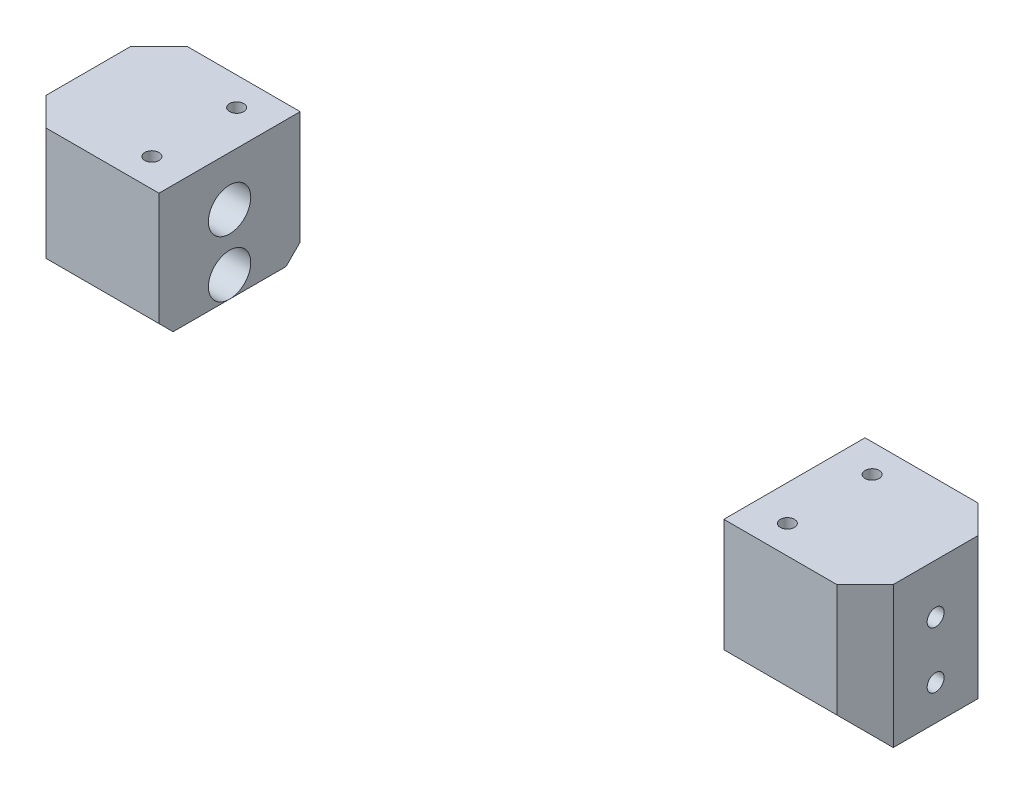
SolidWorks part; units mm, degrees
ref_plane "Front" through (0, 0, 0) normal (0, 0, 1) x (1, 0, 0)
ref_plane "Top" through (0, 0, 0) normal (0, 1, 0) x (1, 0, 0)
ref_plane "Right" through (0, 0, 0) normal (1, 0, 0) x (0, 0, -1)
sketch "草图1" plane through (0, 0, 0) normal (0, 1, 0) x (1, 0, 0)
  line L1 (30, -5) -> (-30, -5)
  line L2 (30, -5) -> (30, 5)
  line L3 (30, 5) -> (-30, 5)
  line L4 (-30, -5) -> (-30, 5)
  line L5 (30, -5) -> (-30, 5) construction
  line L6 (30, 5) -> (-30, -5) construction
  point P0 (0, 0)
  dimension "D1" = 10
  dimension "D2" = 60
extrude "凸台-拉伸1" add sketch "草图1" along normal blind 10
sketch "草图2" plane through (-30, 0, 0) normal (-1, 0, 0) x (0, 0, 1)
  line L0 (0, 14.8135) -> (0, -3.8643) construction
  line L1 (-5, 0) -> (5, 0) construction
  circle A0 centre (0, 6.5) radius 0.6
  circle A1 centre (0, 2.5) radius 0.6
  dimension "D1" = 1.2
  dimension "D2" = 1.2
  dimension "D3" = 4
  dimension "D4" = 2.5
extrude "切除-拉伸1" cut sketch "草图2" against normal through all
sketch "草图4" plane through (0, 0, 0) normal (0, -1, 0) x (1, 0, 0)
  line L0 (-30, 5) -> (30, 5) construction
  line L1 (11, -5) -> (-11, -5)
  line L2 (11, -5) -> (11, 5)
  line L3 (11, 5) -> (-11, 5)
  line L4 (-11, -5) -> (-11, 5)
  line L5 (11, -5) -> (-11, 5) construction
  line L6 (11, 5) -> (-11, -5) construction
  point P0 (0, 0)
  dimension "D1" = 22
sketch "草图5" plane through (0, 10, 0) normal (0, 1, 0) x (1, 0, 0)
  line L0 (-43.3222, 0) -> (41.3531, 0) construction
  line L1 (0, 23.1146) -> (0, -15.7067) construction
  line L3 (-22.5, 20.8095) -> (-22.5, -18.1592) construction
  circle A4 centre (-22.5, 3) radius 0.5
  circle A5 centre (-22.5, -3) radius 0.5
  circle A6 centre (22.5, -3) radius 0.5
  circle A7 centre (22.5, 3) radius 0.5
  dimension "D1" = 45
  dimension "D2" = 1
  dimension "D3" = 6
extrude "切除-拉伸3" cut sketch "草图5" against normal through all
chamfer "倒角2" distance 2 angle 45 2 edges at (0, 0, -5) (0, 0, 5)
chamfer "倒角3" distance 2 angle 45 4 edges at (-30, 6, -5) (-30, 6, 5) (30, 6, 5) (30, 6, -5)
sketch "草图6" plane through (0, 10, 0) normal (0, 1, 0) x (1, 0, 0)
  line L0 (28, 5) -> (-28, 5) construction
  line L1 (20, -5) -> (-20, -5)
  line L2 (20, -5) -> (20, 5)
  line L3 (20, 5) -> (-20, 5)
  line L4 (-20, -5) -> (-20, 5)
  line L5 (20, -5) -> (-20, 5) construction
  line L6 (20, 5) -> (-20, -5) construction
  point P0 (0, 0)
  dimension "D1" = 40
extrude "切除-拉伸4" cut sketch "草图6" against normal through all
extrude "切除-拉伸5" [suppressed] cut sketch "草图4" against normal blind 3
chamfer "倒角4" [suppressed] distance 3 angle 45
chamfer "倒角5" [suppressed] distance 1 angle 45
chamfer "倒角6" distance 1 angle 45 1 edges at (-20, 0, 0)
chamfer "倒角7" distance 1 angle 30 1 edges at (20, 0, 0) first distance on face at (20, 6.5, -0.6)
ref_plane "基准面1" through (0, 0, 0) normal (1, 0, 0) x (0, 0, -1)
sketch "草图7" plane through (-20, 0, 0) normal (1, 0, 0) x (0, 0, -1)
  circle A0 centre (0, 6.5) radius 1.5
  circle A1 centre (0, 2.5) radius 1.5
  dimension "D1" = 3
  dimension "D2" = 3
extrude "切除-拉伸6" cut sketch "草图7" against normal offset from surface (5 mm away) 5 up to face at (-30, 6.5, 0.6)
sketch "草图8" plane through (20, 0, 0) normal (1, 0, 0) x (0, 0, -1)
  circle A0 centre (0, 6.5) radius 1.5
  circle A1 centre (0, 2.5) radius 1.5
  dimension "D1" = 3
  dimension "D2" = 3
extrude "切除-拉伸9" cut sketch "草图8" along normal offset from surface (5 mm away) 5 up to face at (30, 6.5, 0.6)
⁂
PROBLEM TO SOLVE: Copy out every line from the material above where the string "circle" turns up.

EXERCISE OUTPUT:
  circle A0 centre (0, 6.5) radius 0.6
  circle A1 centre (0, 2.5) radius 0.6
  circle A4 centre (-22.5, 3) radius 0.5
  circle A5 centre (-22.5, -3) radius 0.5
  circle A6 centre (22.5, -3) radius 0.5
  circle A7 centre (22.5, 3) radius 0.5
  circle A0 centre (0, 6.5) radius 1.5
  circle A1 centre (0, 2.5) radius 1.5
  circle A0 centre (0, 6.5) radius 1.5
  circle A1 centre (0, 2.5) radius 1.5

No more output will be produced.